§ MATERIAL FOR THIS EXERCISE:

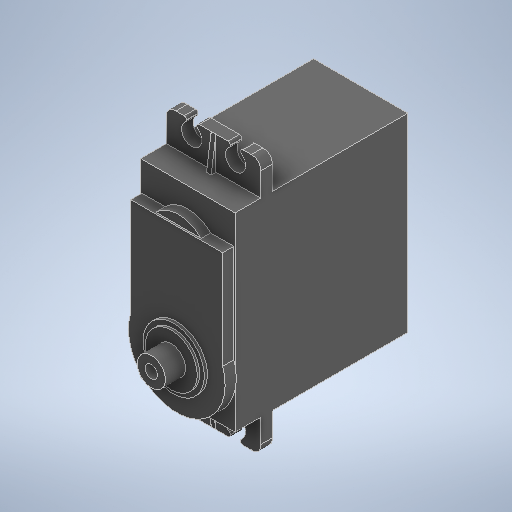
# Autodesk Inventor part: 996R
Saved by Autodesk Inventor 2025.1 (Build 291241000, 241)
## iProperties
Created: 2025-02-24
Part Number: 996R
Material: Generic
Document SubType Name: Modeling
Designer: 13156
Density: 1 g/cm^3
Appearance: Default
Author: 13156
Autodesk Inventor part; units mm, degrees
ref_plane "YZ Plane" through (0, 0, 0) normal (1, 0, 0) x (0, 1, 0)
ref_plane "XZ Plane" through (0, 0, 0) normal (0, 1, 0) x (-1, 0, 0)
ref_plane "XY Plane" through (0, 0, 0) normal (0, 0, 1) x (1, 0, 0)
sketch "Sketch1" plane through (0, 0, 0) normal (0, 0, 1) x (1, 0, 0)
  line L0 (-10, 20.125) -> (10, 20.125)
  line L1 (10, 20.125) -> (10, -20.125)
  line L2 (10, -20.125) -> (-10, -20.125)
  line L3 (-10, -20.125) -> (-10, 20.125)
  line L4 (0, 0) -> (0, 20.8875) construction
  line L5 (0, 0) -> (17.5642, 0) construction
  line L6 (10, 20.125) -> (-10, 20.125)
  line L7 (-10, 20.125) -> (-10, 27.125)
  line L8 (-10, 27.125) -> (10, 27.125)
  line L9 (10, 27.125) -> (10, 20.125)
  line L10 (10, -20.125) -> (-10, -20.125)
  line L11 (-10, -20.125) -> (-10, -27.125)
  line L12 (-10, -27.125) -> (10, -27.125)
  line L13 (10, -27.125) -> (10, -20.125)
  dimension "d0" = 20
  dimension "d1" = 40.25
  dimension "d2" = 7
  constraints: 28 end point, 6 parallel, 4 horizontal, 3 perpendicular, 2 collinear, 1 point on line, 1 vertical, 2 other
  measures "d0" distance of L0.start L0.end
  measures "d1" distance between parallel lines of L2 L0
  measures "d2" distance between parallel lines of L0 L8
extrude "Extrusion1" add sketch "Sketch1" along normal blind 2.45
extrude "Extrusion2" add sketch "Sketch1" along normal blind 7.9 and the other way blind 28.75 contours L0 L1 L2 L3
fillet "Fillet1" radius 2 4 edges at (-10, -27.125, 1.225) (10, -27.125, 1.225) (10, 27.125, 1.225) (-10, 27.125, 1.225) curvature continuous yes
sketch "Sketch2" plane through (0, 0, 2.45) normal (0, 0, 1) x (1, 0, 0)
  circle A0 centre (4.65, -24.425) radius 2.15
  circle A1 centre (-4.65, -24.425) radius 2.15
  circle A2 centre (4.65, 24.425) radius 2.15
  circle A3 centre (-4.65, 24.425) radius 2.15
  line L0 (-10, -20.125) -> (10, -20.125) projected
  line L1 (10, 20.125) -> (-10, 20.125) projected
  line L2 (0, 20.125) -> (0, -31.261) construction
  line L3 (5.75, -26.2723) -> (5.75, -27.125)
  line L4 (5.75, -27.125) -> (3.55, -27.125)
  line L5 (3.55, -27.125) -> (3.55, -26.2723)
  line L6 (-3.55, -26.2723) -> (-3.55, -27.125)
  line L7 (-3.55, -27.125) -> (-5.75, -27.125)
  line L8 (-5.75, -27.125) -> (-5.75, -26.2723)
  line L9 (5.75, 26.2723) -> (5.75, 27.125)
  line L10 (5.75, 27.125) -> (3.55, 27.125)
  line L11 (3.55, 27.125) -> (3.55, 26.2723)
  line L12 (-3.55, 26.2723) -> (-3.55, 27.125)
  line L13 (-5.75, 27.125) -> (-5.75, 26.2723)
  line L14 (8, 27.125) -> (-8, 27.125) projected
  line L15 (-8, -27.125) -> (8, -27.125) projected
  line L16 (-4.65, -24.425) -> (-4.65, -28.2076) construction
  line L17 (4.65, -24.425) -> (4.65, -27.9076) construction
  line L18 (4.65, 24.425) -> (4.65, 28.0006) construction
  line L19 (-4.65, 24.425) -> (-4.65, 28.7991) construction
  line L20 (0.5, -20.125) -> (-0.5, -20.125)
  line L21 (-0.5, -20.125) -> (-0.5, -27.125)
  line L22 (-0.5, -27.125) -> (0.5, -27.125)
  line L23 (0.5, -27.125) -> (0.5, -20.125)
  line L24 (0.5, 20.125) -> (-0.5, 20.125)
  line L25 (-0.5, 20.125) -> (-0.5, 27.125)
  line L26 (-0.5, 27.125) -> (0.5, 27.125)
  line L27 (0.5, 27.125) -> (0.5, 20.125)
  line L28 (0, 20.125) -> (0, 24.1498) construction
  point P0 (0, 0)
  point P1 (-3.55, -26.6986)
  point P2 (5.75, 26.6986)
  point P3 (3.55, 26.6986)
  dimension "d10" = 4.3
  dimension "d11" = 4.3
  dimension "d14" = 4.3
  dimension "d15" = 9.3
  dimension "d16" = 9.3
  dimension "d17" = 2.2
  dimension "d18" = 2.2
  dimension "d23" = 1
  dimension "d24" = 1
  constraints: 50 end point, 16 point on line, 8 point on circle, 7 vertical, 6 perpendicular, 5 parallel, 4 centre point, 4 midpoint, 3 equal radius, 2 collinear, 2 horizontal, 2 symmetric about line, 4 other
  measures "d10" diameter of A0
  measures "d11" distance from line of L0 L17.start
  measures "d14" distance from line of L1 L18.start
  measures "d15" distance of L18.start L19.start
  measures "d16" distance of L16.start L17.start
  measures "d17" distance from line of L8 point (-3.55, -26.699)
  measures "d18" distance of point (5.75, 26.699) point (3.55, 26.699)
  measures "d23" distance between parallel lines of L23 L21
  measures "d24" distance between parallel lines of L25 L27
extrude "Extrusion3" cut sketch "Sketch2" against normal blind 7.9 contours A0 | A0 L3 L4 L5 | A1 | A1 L6 L7 L8 | A2 | A2 L11 L10 L9 | A3 | A3 L13 L14 L12
fillet "Fillet3" radius 0.5 16 edges at (3.55, 26.2723, 1.225) (3.55, 27.125, 1.225) (5.75, 26.2723, 1.225) (5.75, 27.125, 1.225) (-3.55, 26.2723, 1.225) (-3.55, 27.125, 1.225) (-5.75, 27.125, 1.225) (-5.75, 26.2723, 1.225) (-5.75, -26.2723, 1.225) (-5.75, -27.125, 1.225) (3.55, -26.2723, 1.225) (3.55, -27.125, 1.225) (-3.55, -27.125, 1.225) (-3.55, -26.2723, 1.225) (5.75, -27.125, 1.225) (5.75, -26.2723, 1.225) curvature continuous yes
extrude "Extrusion4" add sketch "Sketch2" along normal blind 1 contours L0 L23 L15 L21 | L1 L25 L14 L27
chamfer "Chamfer1" distance 7 distance2 1 1 edges at (0, 27.125, 3.45) measured on face at (0, 26.625, 3.45)
chamfer "Chamfer2" distance 7 distance2 1 1 edges at (0, -27.125, 3.45) measured on face at (0, -26.625, 3.45)
sketch "Sketch3" plane through (0, 0, 7.9) normal (0, 0, 1) x (1, 0, 0)
  circle A0 centre (0, -10.125) radius 9.75
  line L0 (-10, -20.125) -> (10, -20.125) projected
  line L1 (9.75, -10.125) -> (-9.75, -10.125)
  line L2 (-9.75, -10.125) -> (-9.75, 13.875)
  line L3 (-9.75, 13.875) -> (9.75, 13.875)
  line L4 (9.75, 13.875) -> (9.75, -10.125)
  line L5 (-9.75, -10.125) -> (-9.75, -4.0345) construction
  line L6 (-10, 20.125) -> (-10, -20.125) construction
  arc A1 (4.825, 13.875) -> (-4.825, 13.875) centre (0, 9.0548) ccw
  line L7 (10, -20.125) -> (10, 20.125) projected
  circle A2 centre (0, -10.125) radius 10.25
  circle A3 centre (0, -10.125) radius 6.5
  circle A4 centre (0, -10.125) radius 5.5
  circle A5 centre (0, -10.125) radius 3
  circle A6 centre (0, -10.125) radius 1.3
  point P0 (0, 0)
  point P1 (0, 13.875)
  point P2 (0, 15.875)
  point P3 (9.75, -6.9627)
  point P4 (-9.75, -6.9627)
  point P5 (-6.5, -10.125)
  point P6 (6.5, -10.125)
  dimension "d33" = 19.5
  dimension "d34" = 10
  dimension "d35" = 0
  dimension "d36" = 24
  dimension "d37" = 9.65
  dimension "d38" = 2
  dimension "d39" = 0
  dimension "d40" = 0.25
  dimension "d41" = 20.5
  dimension "d42" = 13
  dimension "d43" = 11
  dimension "d44" = 6
  dimension "d45" = 2.6
  constraints: 10 end point, 7 centre point, 5 coincident, 5 point on circle, 3 parallel, 2 midpoint, 2 point on line, 1 horizontal, 1 perpendicular, 1 tangent
  measures "d33" diameter of A0
  measures "d34" distance from line of L0 A0.centre
  measures "d35" distance of L5.start L1.end
  measures "d36" distance from line of L3 point (0, -10.125)
  measures "d37" distance of A1.end A1.start
  measures "d38" distance of point (0, 13.875) point (0, 15.875)
  measures "d39" horizontal distance of point (0, 13.875) point (0, 15.875)
  measures "d40" distance between parallel lines of L7 L4
  measures "d41" diameter of A2
  measures "d42" diameter of A3
  measures "d43" diameter of A4
  measures "d44" diameter of A5
  measures "d45" diameter of A6
extrude "Extrusion5" add sketch "Sketch3" along normal blind 2.35 contours L1 A3 A0 | L4 A2 L7 L0 L2 A0 | A0 L1 A3 | A0 L2 A2 L4 | A3 L1 A4 | L1 A4 A3 | A2 L2 L3 L4 | A4 L1 A5 | L1 A5 A4 | A2 L7 | L0 A2 | A5 L1 A6 | L1 A6 A5 | A6 L1 | L1 A6
extrude "Extrusion6" add sketch "Sketch3" along normal blind 2 contours L3 A1
extrude "Extrusion7" add sketch "Sketch3" along normal blind 3 contours A3 L1 A4 | L1 A4 A3 | A4 L1 A5 | L1 A5 A4 | A5 L1 A6 | L1 A6 A5 | A6 L1 | L1 A6
extrude "Extrusion8" add sketch "Sketch3" along normal blind 3.5 contours A4 L1 A5 | L1 A5 A4 | A5 L1 A6 | L1 A6 A5 | A6 L1 | L1 A6
extrude "Extrusion9" add sketch "Sketch3" along normal blind 7.75 contours A5 L1 A6 | L1 A6 A5
sketch "Sketch4" plane through (-10, -20.125, 0) normal (0, -1, 0) x (1, 0, 0)
  line L0 (14, -25.75) -> (6, -25.75)
  line L1 (6, -25.75) -> (6, -21.25)
  line L2 (6, -21.25) -> (14, -21.25)
  line L3 (14, -21.25) -> (14, -25.75)
  line L4 (0, -28.75) -> (20, -28.75) construction
  line L5 (10, -28.75) -> (10, -6.1865) construction
  point P0 (10, 0)
  point P1 (10, -21.25)
  dimension "d56" = 8
  dimension "d57" = 4.5
  dimension "d58" = 3
  constraints: 10 end point, 2 midpoint, 2 parallel, 1 horizontal, 1 perpendicular, 1 vertical, 1 other
  measures "d56" distance of L0.start L0.end
  measures "d57" distance from line of point (10, -21.25) L0
  measures "d58" distance between parallel lines of L0 L4
extrude "Extrusion10" add sketch "Sketch4" along normal blind 5.25
chamfer "Chamfer3" distance 1 distance2 5.25 2 edges at (0, -25.375, -21.25) (0, -25.375, -25.75) measured on face at (0, -25.375, -21.75) measured on face at (0, -25.375, -25.25)
chamfer "Chamfer4" distance 1 distance2 5.25 1 edges at (4, -25.375, -23.5) measured on face at (3.5, -25.375, -23.5)
chamfer "Chamfer5" distance 1 distance2 5.25 1 edges at (-4, -25.375, -23.5) measured on face at (-3.5, -25.375, -23.5)
equation "\"d14\" = d11"
equation "\"d15\" = d16"
equation "\"d18\" = d17"
equation "\"d23\" = d24"
body "Solid1"

§ YOUR OBJECTIVE: Reproduce exactly the stretch of the material above that starts at the line with "point P5 (-6.5, -10.125)" and ends at the line with "normal blind 2.35", both included, and nothing else.

§ EXERCISE RESPONSE:
  point P5 (-6.5, -10.125)
  point P6 (6.5, -10.125)
  dimension "d33" = 19.5
  dimension "d34" = 10
  dimension "d35" = 0
  dimension "d36" = 24
  dimension "d37" = 9.65
  dimension "d38" = 2
  dimension "d39" = 0
  dimension "d40" = 0.25
  dimension "d41" = 20.5
  dimension "d42" = 13
  dimension "d43" = 11
  dimension "d44" = 6
  dimension "d45" = 2.6
  constraints: 10 end point, 7 centre point, 5 coincident, 5 point on circle, 3 parallel, 2 midpoint, 2 point on line, 1 horizontal, 1 perpendicular, 1 tangent
  measures "d33" diameter of A0
  measures "d34" distance from line of L0 A0.centre
  measures "d35" distance of L5.start L1.end
  measures "d36" distance from line of L3 point (0, -10.125)
  measures "d37" distance of A1.end A1.start
  measures "d38" distance of point (0, 13.875) point (0, 15.875)
  measures "d39" horizontal distance of point (0, 13.875) point (0, 15.875)
  measures "d40" distance between parallel lines of L7 L4
  measures "d41" diameter of A2
  measures "d42" diameter of A3
  measures "d43" diameter of A4
  measures "d44" diameter of A5
  measures "d45" diameter of A6
extrude "Extrusion5" add sketch "Sketch3" along normal blind 2.35 contours L1 A3 A0 | L4 A2 L7 L0 L2 A0 | A0 L1 A3 | A0 L2 A2 L4 | A3 L1 A4 | L1 A4 A3 | A2 L2 L3 L4 | A4 L1 A5 | L1 A5 A4 | A2 L7 | L0 A2 | A5 L1 A6 | L1 A6 A5 | A6 L1 | L1 A6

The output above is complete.